Google BigQuery is a modern, cloud-based data warehouse designed to augment the data handling capabilities of Big Data management systems. With very high data storage and processing capacity, it easily eclipses the power of traditional data warehouses for running complex analytical workloads.
When dealing with Big Data, companies are forever playing the catchup game. The combination of velocity and volume makes it difficult to predict future data handling capacity for enterprise IT infrastructure. With over 36% of IT decision-makers facing this reality, it is a real problem. Google realized this early on and thankfully built BigQuery.
In this post, we will explore the unique capabilities of Google BigQuery and identify the best practices for integrating it within the enterprise Big Data workflow.
What is BigQuery?
Initially released in 2010, Google BigQuery is a serverless data warehousing platform. It is highly scalable and can handle data in multiples of petabytes. It is also performant, with a highly parallel architecture that delivers very fast query responses. As a result, it is a superior alternative to traditional data warehouses.
There are essentially four phases to the typical workflow of a Big Data pipeline:
With traditional data warehouses, the processing and analysis phase causes a major bottleneck when the ingested data soars beyond a certain limit. Google BigQuery expedites these phases so that the data is processed with little overhead.
In Google BigQuery, data is organized within a top-level container known as the BigQuery Dataset. Within a BigQuery Dataset, the data is arranged in tables. Data from different tables can be logically combined into views for easier querying.
What public datasets does BigQuery support?
Google BigQuery hosts a few important public datasets, made available through the Google Cloud Public Dataset Program to foster innovation around data.

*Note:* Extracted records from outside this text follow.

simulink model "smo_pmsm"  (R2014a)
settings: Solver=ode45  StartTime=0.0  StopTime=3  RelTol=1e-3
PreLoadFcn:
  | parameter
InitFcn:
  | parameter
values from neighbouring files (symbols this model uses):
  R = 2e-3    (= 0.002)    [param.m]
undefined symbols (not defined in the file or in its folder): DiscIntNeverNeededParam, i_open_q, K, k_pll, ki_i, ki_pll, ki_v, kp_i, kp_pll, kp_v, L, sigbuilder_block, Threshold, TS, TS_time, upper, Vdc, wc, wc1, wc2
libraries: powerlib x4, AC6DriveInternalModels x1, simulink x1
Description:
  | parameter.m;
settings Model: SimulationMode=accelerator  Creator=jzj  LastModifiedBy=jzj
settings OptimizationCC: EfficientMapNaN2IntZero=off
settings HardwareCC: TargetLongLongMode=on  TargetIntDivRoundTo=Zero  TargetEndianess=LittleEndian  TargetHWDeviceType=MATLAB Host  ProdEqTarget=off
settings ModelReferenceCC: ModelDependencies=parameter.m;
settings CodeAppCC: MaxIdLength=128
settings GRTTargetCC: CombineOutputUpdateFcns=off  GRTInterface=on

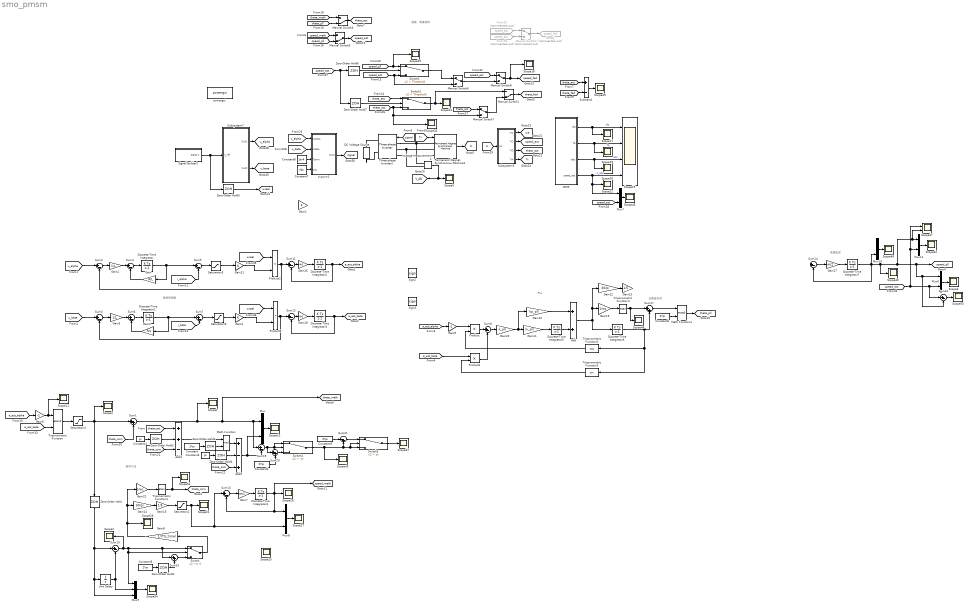
== system smo_pmsm ==
  note: 数学方法
  note: 滑模观测器
  note: 速度、角度选择
  note: 低通滤波
  note: PLL
  note: 加角度补偿
  Add : Sum
  Add1 : Sum  Inputs=++-
  Add2 : Sum  Inputs=+-+
  Constant{,2,5..6,9} (5 alike) : Constant  Value=2*pi
  Constant1 : Constant  Value=pi
  Constant3 : Constant  Value=pi
  Constant7 : Constant  Value=Vdc
  Constant8 : Constant  Value=1e-4
  DC Voltage Source : powerlib/Electrical Sources/DC Voltage Source  Amplitude=Vdc  Measurements=Voltage
  Discrete-Time Integrator{,1..3,6} (5 alike) : DiscreteIntegrator  SampleTime=-1  ICPrevOutput=DiscIntNeverNeededParam  ICPrevScaledInput=DiscIntNeverNeededParam
  Discrete-Time Integrator4 : DiscreteIntegrator  SampleTime=TS_time  ICPrevOutput=DiscIntNeverNeededParam  ICPrevScaledInput=DiscIntNeverNeededParam
  Discrete-Time Integrator5 : DiscreteIntegrator  InitialConditionSetting=State (most efficient)  SampleTime=-1  ICPrevOutput=DiscIntNeverNeededParam  ICPrevScaledInput=DiscIntNeverNeededParam
  Discrete-Time Integrator7 : DiscreteIntegrator  SampleTime=TS_time  ICPrevOutput=DiscIntNeverNeededParam  ICPrevScaledInput=DiscIntNeverNeededParam
  From15 : From  Commented=on  GotoTag=speed_act  TagVisibility=global
  From31 : From  Commented=on  GotoTag=speed_est  TagVisibility=global
  Gain : Gain  Gain=R/L
  Gain1 : Gain  Gain=K
  Gain10 : Gain  Gain=kp_pll
  Gain11 : Gain  Gain=ki_pll
  Gain12 : Gain  Gain=30/pi
  Gain13 : Gain  Gain=1/5
  Gain14 : Gain  Gain=30/pi
  Gain15 : Gain  Gain=1/5
  Gain16 : Gain  Gain=wc
  Gain17 : Gain  Gain=wc2
  Gain18 : Gain  Gain=wc
  Gain19 : Gain  Gain=1/wc
  Gain2 : Gain  Gain=1/L
  Gain20 : Gain  Gain=k_pll
  Gain21 : Gain  Gain=K
  Gain22 : Gain  Gain=2/wc
  Gain3 : Gain  Gain=R/L
  Gain4 : Gain  Gain=K
  Gain5 : Gain  Gain=1/L
  Gain6 : Gain  Gain=-1
  Gain7 : Gain  Gain=wc1
  Gain8 : Gain  Gain=1/(TS_time)
  Gain9 : Gain  Gain=-1
  Goto6 : Goto  Commented=on  GotoTag=speed_fed  TagVisibility=global
  Manual Switch1 : ManualSwitch  CurrentSetting=0
  Manual Switch2 : ManualSwitch  Commented=on
  Manual Switch3 : ManualSwitch  CurrentSetting=0
  Manual Switch5 : ManualSwitch  CurrentSetting=0
  Manual Switch6 : ManualSwitch
  Manual Switch7 : ManualSwitch
  Manual Switch8 : ManualSwitch
  Math Function : Math  Operator=mod  SaturateOnIntegerOverflow=on
  Math Function1 : Math  Operator=mod  SaturateOnIntegerOverflow=on
  Mux{,6..8,10..11} (6 alike) : Mux  Inputs=2
  Mux9 : Mux  Inputs=3
  Permanent Magnet Synchronous Machine1 : powerlib/Machines/Permanent Magnet Synchronous Machine  NbPhases=3  FluxDistribution=Sinusoidal  RotorType=Round  MechanicalLoad=Torque Tm  PresetModel=No  ShowDetailedParameters=on  MeasurementBus=off  Resistance=3  Inductance=0  dqInductances=[0.01,0.02]  La=0.0287  MachineConstant=Voltage Constant (V_peak L-L / krpm)  Flux=0.1654  VoltageCst=150  TorqueCst=1.2405  Flat=0  Mechanical=[0.001,0,5]  PolePairs=3  InitialConditions=[0,0, 0,0]  InitialConditions5ph=[0 0 0 0 0 0]  TsPowergui=0  TsBlock=-1  RefAngle=Aligned with phase A axis (original Park)
      link override From: GotoTag=tp24d3e2ed_e96a_4fb0_a076_5c3b1daf5e05
      settings: AttributesFormatString=\n
  Product{,1..3} (4 alike) : Product
  Saturation2 : Saturate  UpperLimit=5000  LowerLimit=-1000
  Saturation3 : Saturate  UpperLimit=upper  LowerLimit=-upper
  Saturation4 : Saturate  UpperLimit=pi  LowerLimit=-pi
  Saturation5 : Saturate  UpperLimit=upper  LowerLimit=-upper
  Scope{1..2,4..6,11,13,17..23,25..30,34,37,42..44,46,48..49,52,54..55} (31 alike) : Scope
      Scope1 settings: YMin=-700  YMax=700  SaveName=ScopeData7
      Scope11 settings: YMin=-700  YMax=700  SaveName=ScopeData25
      Scope13 settings: YMin=-700  YMax=700  SaveName=ScopeData32
      Scope17 settings: YMin=-700  YMax=700  SaveName=ScopeData18
      Scope18 settings: YMin=-700  YMax=700  SaveName=ScopeData35
      Scope19 settings: TimeRange=1.5  YMin=-700  YMax=700  SaveName=ScopeData19
      Scope2 settings: YMin=-700  YMax=700  SaveName=ScopeData10
      Scope20 settings: YMin=-0.04  YMax=0.04
      Scope21 settings: TimeRange=0.5  YMin=4000  YMax=4003  SaveName=ScopeData4
      Scope22 settings: YMin=-700  YMax=700  SaveName=ScopeData36
      Scope23 settings: YMin=-700  YMax=700  SaveName=ScopeData39
      Scope25 settings: YMin=-700  YMax=700  SaveName=ScopeData41
      Scope26 settings: YMin=-700  YMax=700  SaveName=ScopeData42
      Scope27 settings: YMin=-700  YMax=700  SaveName=ScopeData43
      Scope28 settings: YMin=-700  YMax=700  SaveName=ScopeData44
      Scope29 settings: YMin=-700  YMax=700  SaveName=ScopeData45
      Scope30 settings: YMin=-700  YMax=700  SaveName=ScopeData46
      Scope34 settings: YMin=-700  YMax=700  SaveName=ScopeData74
      Scope37 settings: YMin=-700  YMax=700  SaveName=ScopeData54
      Scope4 settings: YMin=-700  YMax=700  SaveName=ScopeData13
      Scope42 settings: YMin=-700  YMax=700  SaveName=ScopeData60
      Scope43 settings: YMin=-700  YMax=700  SaveName=ScopeData61
      Scope44 settings: YMin=-700  YMax=700  SaveName=ScopeData62
      Scope46 settings: TimeRange=0.5  YMin=0  YMax=600  SaveName=ScopeData63
      Scope48 settings: YMin=-700  YMax=700  SaveName=ScopeData73
      Scope49 settings: YMin=-700  YMax=700  SaveName=ScopeData80
      Scope5 settings: YMin=-700  YMax=700  SaveName=ScopeData78
      Scope52 settings: YMin=-700  YMax=700  SaveName=ScopeData77
      Scope54 settings: YMin=-700  YMax=700  SaveName=ScopeData81
      Scope55 settings: YMin=-700  YMax=700  SaveName=ScopeData85
      Scope6 settings: YMin=-700  YMax=700  SaveName=ScopeData14
  Scope15 : Scope  NumInputPorts=4
      settings: TimeRange=1.5  YMin=-17.5~-5~-80~-400  YMax=15~35~60~900  SaveName=ScopeData20
  Scope47 : Scope  NumInputPorts=2
      settings: YMin=-700~-5  YMax=700~5  SaveName=ScopeData76
  Sign2 : Signum
  Sign3 : Signum
  Signal Builder1 : Subsystem  Tag=STV Subsys  LoadFcn=sigbuilder_block('load');  StartFcn=sigbuilder_block('start');  StopFcn=sigbuilder_block('stop');  ClipboardFcn=sigbuilder_block('clipboard');  mask(Sigbuilder block){}
      mask help: Simulink:masks:SigbuilderBlock_MD
      mask init:
      | if ~strcmp(get_param(bdroot(gcbh),'SimulationStatus'),'stopped') tuvar = sigbuilder_block('maskInit'); end
      settings: CopyFcn=sigbuilder_block('copy');  DeleteFcn=sigbuilder_block('delete');  ModelCloseFcn=sigbuilder_block('modelClose');  PreSaveFcn=sigbuilder_block('preSave');  PauseFcn=sigbuilder_block('pause');  ContinueFcn=sigbuilder_block('continue');  NameChangeFcn=sigbuilder_block('namechange');  OpenFcn=sigbuilder_block('open',[6.75 -95.25 1138.5 566.25 ]);  CloseFcn=sigbuilder_block('close');
      mask Display: plot(0, 0, 100, 100,[2, 2, 32, 32, 2], [68, 8, 8, 68, 68],[32, 2], [38, 38], [32, 19, 2],[53, 60, 44], [32, 17, 17, 2],[16, 16, 31, 31]);txt = getActiveGroup(gcbh);text(2, 100, txt,'verticalAlignment', 'top');
  Subsystem3 : Subsystem
  Subsystem7 : Subsystem
  Subtract1 : Sum  Inputs=+-
  Sum{1,15,17,20} (4 alike) : Sum  Inputs=|++
  Sum{2..8,10..14,19,24} (14 alike) : Sum  Inputs=|+-
  Sum21 : Sum  Inputs=|-+
  Switch : Switch
  Switch1 : Switch  Criteria=u2 > Threshold  Threshold=Threshold
  Switch2 : Switch  Criteria=u2 > Threshold  Threshold=Threshold
  Switch4 : Switch  Criteria=u2 > Threshold  Threshold=-pi
  Switch5 : Switch  Criteria=u2 > Threshold  Threshold=pi
  Three-phase Inverter2 : AC6DriveInternalModels/Three-phase Inverter  Arms=3  SnubberResistance=5000  SnubberCapacitance=inf  Device=IGBT / Diodes  Ron=1e-3  Lon=0  ForwardVoltages=[0.8,0.8]  ForwardVoltage=0  GTOparameters=[0,0]  IGBTParameters=[1e-6,2e-6]  Measurements=All voltages and currents  converterType=Inverter  SourceFrequency=60  dqInductances=[8.5e-3,8.5e-3]  Flux=0.175  Resistance=0.2  p=4
  Trigonometric Function : Trigonometry  Operator=atan2
  Trigonometric Function1 : Trigonometry  Operator=atan
  Trigonometric Function2 : Trigonometry  Operator=cos
  Trigonometric Function3 : Trigonometry
  Trigonometric Function4 : Trigonometry  Operator=atan
  Unit Delay : UnitDelay  SampleTime=-1
  Voltage Measurement1 : powerlib/Measurements/Voltage Measurement  PhasorSimulation=off  OutputType=Complex  PSBequivalent=0
  Zero-Order Hold : ZeroOrderHold  SampleTime=TS_time
  Zero-Order Hold{1..7} (7 alike) : ZeroOrderHold  SampleTime=TS
  powergui : powerlib/powergui  Priority=1  SimulationMode=Discrete  SolverType=Tustin  SampleTime=1e-6  frequency=60  SPID=off  DisableSnubberDevices=off  DisableRonSwitches=off  DisableVfSwitches=off  SwTol=0  Interpol=off  DisplayEquations=off  Ts=100  methode=off  frequencyindice=0  Pbase=100e6  ErrMax=1e-4  Iterations=50  UnitsV=kV  UnitsW=MW  FunctionMessages=off  echomessages=off  HookPort=off  EnableUseOfTLC=off  x0status=blocks  RestoreLinks=warning  ResistiveCurrentMeasurement=off  Frange=[0:2:500]  Ylog=off  Xlog=on  ShowGrid=off  save=off  variable=ZData  structure=iabc1  ZoomFFT=off  StartTime=2.2  cycles=50  DisplayStyle=1  fundamental=200  FreqAxis=on  MaxFrequency=500  frequencyindicesteady=1  RmsSteady=1  display=off
  state : Subsystem
  svpwm1 : Subsystem
  tag scope: Tr=global, V_AB=global, e_est_alpha=global, e_est_beta=global, m=global, signal=global, speed_act=global, speed_est=global, speed_fed=global, speed_math=global, speed_pll=global, theta_act=global, theta_com=global, theta_est=global, theta_fed=global, theta_math=global, theta_pll=global, u_alpha=global, u_beta=global, we=global, wreal=global
  wires:
  Subsystem7/1(Out1) -> [u_alpha]
  Subsystem7/2(Out2) -> [u_beta]
  Constant8/1 -> svpwm1/3(Tpwm)
  Constant7/1 -> svpwm1/4(Vdc)
  svpwm1/1(Out1) -> [signal]
  [u_alpha] -> svpwm1/1(Valpha)
  [u_beta] -> svpwm1/2(Vbeta)
  [Tr] -> Permanent Magnet Synchronous Machine1/1
  Permanent Magnet Synchronous Machine1/1 -> [m]
  Voltage Measurement1/1 -> [V_AB], Scope5/1
  [m] -> Subsystem3/1(In1)
  Subsystem3/1(Tr1) -> [we]
  Subsystem3/2(Tr2) -> [speed_act]
  Subsystem3/3(Tr3) -> [theta_act]
  Subsystem3/4(Tr4) -> [Tr]
  state/1(idq) -> Scope17/1, Scope15/1  "idq"
  state/2(Te) -> Scope19/1, Scope15/2  "Te"
  state/3(iabc) -> Scope20/1, Scope15/3  "iabc"
  state/4(speed_obs) -> Mux7/1, Scope21/1, Scope15/4  "n_obs"
  Sum2/1 -> Gain2/1
  Sum4/1 -> Discrete-Time Integrator/1
  Gain/1 -> Sum4/2
  Discrete-Time Integrator/1 -> Sum5/1, Gain/1
  [i_alpha] -> Sum5/2
  Sum5/1 -> Saturation3/1
  Saturation3/1 -> Gain21/1
  Gain2/1 -> Sum4/1
  Sum6/1 -> Discrete-Time Integrator1/1
  Gain3/1 -> Sum6/2
  Discrete-Time Integrator1/1 -> Gain3/1, Sum7/1
  [i_beta] -> Sum7/2
  Sum7/1 -> Saturation5/1
  Saturation5/1 -> Gain4/1
  Gain5/1 -> Sum6/1
  Sum3/1 -> Gain5/1
  Gain6/1 -> Scope11/1, Trigonometric Function/1
  Product3/1 -> Sum3/2, Sum12/1
  Constant/1 -> Zero-Order Hold3/1
  Mux/1 -> Scope13/1
  [speed_act] -> Manual Switch6/2, Switch1/3
  [speed_pll] -> Scope29/1, Switch1/1
  [theta_est] -> Switch2/1
  [speed_est] -> Zero-Order Hold6/1, Zero-Order Hold7/1
  [theta_act] -> Switch2/3, Manual Switch7/2, Scope34/1
  Switch2/1 -> Scope23/1, Manual Switch1/1
  Trigonometric Function/1 -> Saturation4/1
  Gain8/1 -> Scope28/1, Gain14/1, Gain22/1
  Zero-Order Hold/1 -> Mux9/3, Unit Delay/1, Sum10/1
  Unit Delay/1 -> Sum10/2, Mux9/2
  Gain14/1 -> Gain15/1
  Sum11/1 -> Gain16/1
  Gain16/1 -> Discrete-Time Integrator2/1
  Discrete-Time Integrator2/1 -> [e_est_alpha], Sum11/2
  Sum12/1 -> Gain18/1
  Gain18/1 -> Discrete-Time Integrator3/1
  Discrete-Time Integrator3/1 -> [e_est_beta], Sum12/2
  Sum1/1 -> [theta_math], Sum19/1, Mux/1, Scope1/1
  Saturation4/1 -> Zero-Order Hold/1, Sum1/1, Scope4/1
  Gain15/1 -> Saturation2/1
  Mux9/1 -> Scope54/1
  Sum10/1 -> Scope2/1, Mux9/1, Switch/2, Sum15/1, Switch/1
  Sum15/1 -> Switch/3
  Switch/1 -> Gain8/1
  Sum13/1 -> Gain7/1
  Gain7/1 -> Discrete-Time Integrator4/1
  Discrete-Time Integrator4/1 -> [speed_math], Sum13/2, Mux8/1, Scope26/1
  Mux8/1 -> Scope27/1
  Manual Switch3/1 -> [theta_est]
  [e_est_alpha] -> Gain9/1
  Gain9/1 -> Product/1
  Product/1 -> Sum8/1
  Gain10/1 -> Add/1
  Discrete-Time Integrator5/1 -> Add/2
  Gain11/1 -> Discrete-Time Integrator5/1
  Sum8/1 -> Gain20/1
  Add/1 -> Gain19/1, Gain12/1, Discrete-Time Integrator6/1
  Discrete-Time Integrator6/1 -> Trigonometric Function3/1, Trigonometric Function2/1, Sum17/2
  Gain12/1 -> Gain13/1
  Trigonometric Function2/1 -> Product/2
  [e_est_beta] -> Product1/1
  Trigonometric Function3/1 -> Product1/2
  Product1/1 -> Sum8/2
  [theta_math] -> Manual Switch3/1
  [theta_pll] -> Manual Switch3/2
  Manual Switch5/1 -> [speed_est]
  [speed_math] -> Manual Switch5/1
  [speed_pll] -> Manual Switch5/2
  Sum14/1 -> Gain17/1
  Gain17/1 -> Discrete-Time Integrator7/1
  Discrete-Time Integrator7/1 -> Mux10/2, Sum14/2, Scope30/1, Scope47/2, Mux11/1, Sum24/2, Mux6/1, [speed_pll]
  Add1/1 -> Math Function/1
  Add2/1 -> Sum19/2, Mux/2
  Gain22/1 -> Trigonometric Function1/1
  Trigonometric Function1/1 -> Scope52/1, [theta_com]
  [theta_com] -> Sum1/2
  [theta_act] -> Add1/1
  Constant1/1 -> Zero-Order Hold2/1
  [theta_com] -> Add1/3
  Math Function/1 -> Add2/1
  Constant3/1 -> Zero-Order Hold4/1
  [theta_com] -> Add2/3
  Gain19/1 -> Trigonometric Function4/1
  Constant5/1 -> Zero-Order Hold1/1
  Zero-Order Hold2/1 -> Add1/2
  Zero-Order Hold3/1 -> Math Function/2
  Zero-Order Hold4/1 -> Add2/2
  Zero-Order Hold6/1 -> Switch1/2
  Zero-Order Hold7/1 -> Switch2/2
  Saturation2/1 -> Scope22/1, Sum13/1, Mux8/2
  Zero-Order Hold1/1 -> Sum15/2
  Gain20/1 -> Gain10/1, Gain11/1
  [speed_est] -> Mux7/2
  Mux7/1 -> Scope46/1
  Mux10/1 -> Scope48/1
  Signal Builder1/1(Signal 1) -> Zero-Order Hold5/1, Subsystem7/1(n_ref)
  [theta_act] -> Subtract1/1
  [theta_fed] -> Subtract1/2
  Subtract1/1 -> Scope49/1
  Manual Switch1/1 -> [theta_fed]
  From31/1 -> Manual Switch2/1
  From15/1 -> Manual Switch2/2
  Manual Switch2/1 -> Goto6/1
  Switch1/1 -> Manual Switch6/1
  [theta_act] -> Manual Switch7/1
  Manual Switch7/1 -> Manual Switch1/2
  Manual Switch6/1 -> Manual Switch8/2
  [speed_act] -> Manual Switch8/1
  Manual Switch8/1 -> Scope18/1, [speed_fed]
  [e_est_alpha] -> Gain6/1
  [e_est_beta] -> Trigonometric Function/2
  [u_alpha] -> Sum2/1
  [u_beta] -> Sum3/1
  [signal] -> Three-phase Inverter2/1
  Sum17/1 -> Math Function1/1
  Constant6/1 -> Math Function1/2
  Product2/1 -> Sum2/2, Sum11/1
  Sum19/1 -> Sum20/1, Switch4/1, Switch4/2
  Sum20/1 -> Switch4/3
  Constant2/1 -> Sum20/2
  Switch4/1 -> Scope43/1, Sum21/2, Switch5/2, Switch5/3
  Sum21/1 -> Switch5/1
  Constant9/1 -> Sum21/1
  Switch5/1 -> Scope37/1
  [speed_act] -> Scope47/1, Mux11/2, Sum24/1, Mux6/2
  Mux6/1 -> Scope6/1
  Mux11/1 -> Scope42/1
  Zero-Order Hold5/1 -> [wreal]
  Gain21/1 -> Product2/2
  Gain4/1 -> Product3/2
  [wreal] -> Product2/1
  [wreal] -> Product3/1
  Trigonometric Function4/1 -> Scope44/1, Sum17/1
  Sum24/1 -> Scope55/1
  Math Function1/1 -> [theta_pll]
  connections:
  Three-phase Inverter2/LConn1 -- Permanent Magnet Synchronous Machine1/LConn1 -- Voltage Measurement1/LConn1
  Voltage Measurement1/LConn2 -- Permanent Magnet Synchronous Machine1/LConn2 -- Three-phase Inverter2/LConn2
  Permanent Magnet Synchronous Machine1/LConn3 -- Three-phase Inverter2/LConn3
  DC Voltage Source/RConn1 -- Three-phase Inverter2/RConn1
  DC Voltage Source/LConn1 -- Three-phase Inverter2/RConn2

Some of the notable datasets made available through this program are patents, crime, and COVID-19-related data, and maps. These datasets can be searched in the Google Cloud marketplace and exported to the Google BigQuery console after signing in.
What are the benefits of using BigQuery datasets?
One characteristic of Big Data, apart from volume and velocity, is the variety and veracity of data. Variety is because of different structuring, resulting in structured, semi-structured, and unstructured data, interspersed across data sources. Veracity in Big Data is caused due to anomalies in raw data or inconsistencies in processed data, causing duplicates, errors, or other forms of abnormalities.
A Google BigQuery dataset supports all types of data structuring. Therefore, structured data as tables, and semi-structured or unstructured data in the form of CSV, JSON, and other formats, can be stored in the same dataset, and combined into views and queried together. As a result, data engineers do not have to set up separate pipelines for handling each structural type of data.
Additionally, Google BigQuery provides fine-grained control over a dataset, down to the column and row level. This mechanism ensures a single source of truth. It also alleviates the need for an additional wrapper of tools for data governance around the datasets to trace veracity issues in data.
With the rise of Artificial Intelligence (AI), Big Data pipelines are expected to perform data pre-processing tasks.
Rather than setting up a separate ETL pipeline, Google BigQuery enables data scientists and data analysts to build and operationalize ML models right within the dataset.
What are the key features of BigQuery?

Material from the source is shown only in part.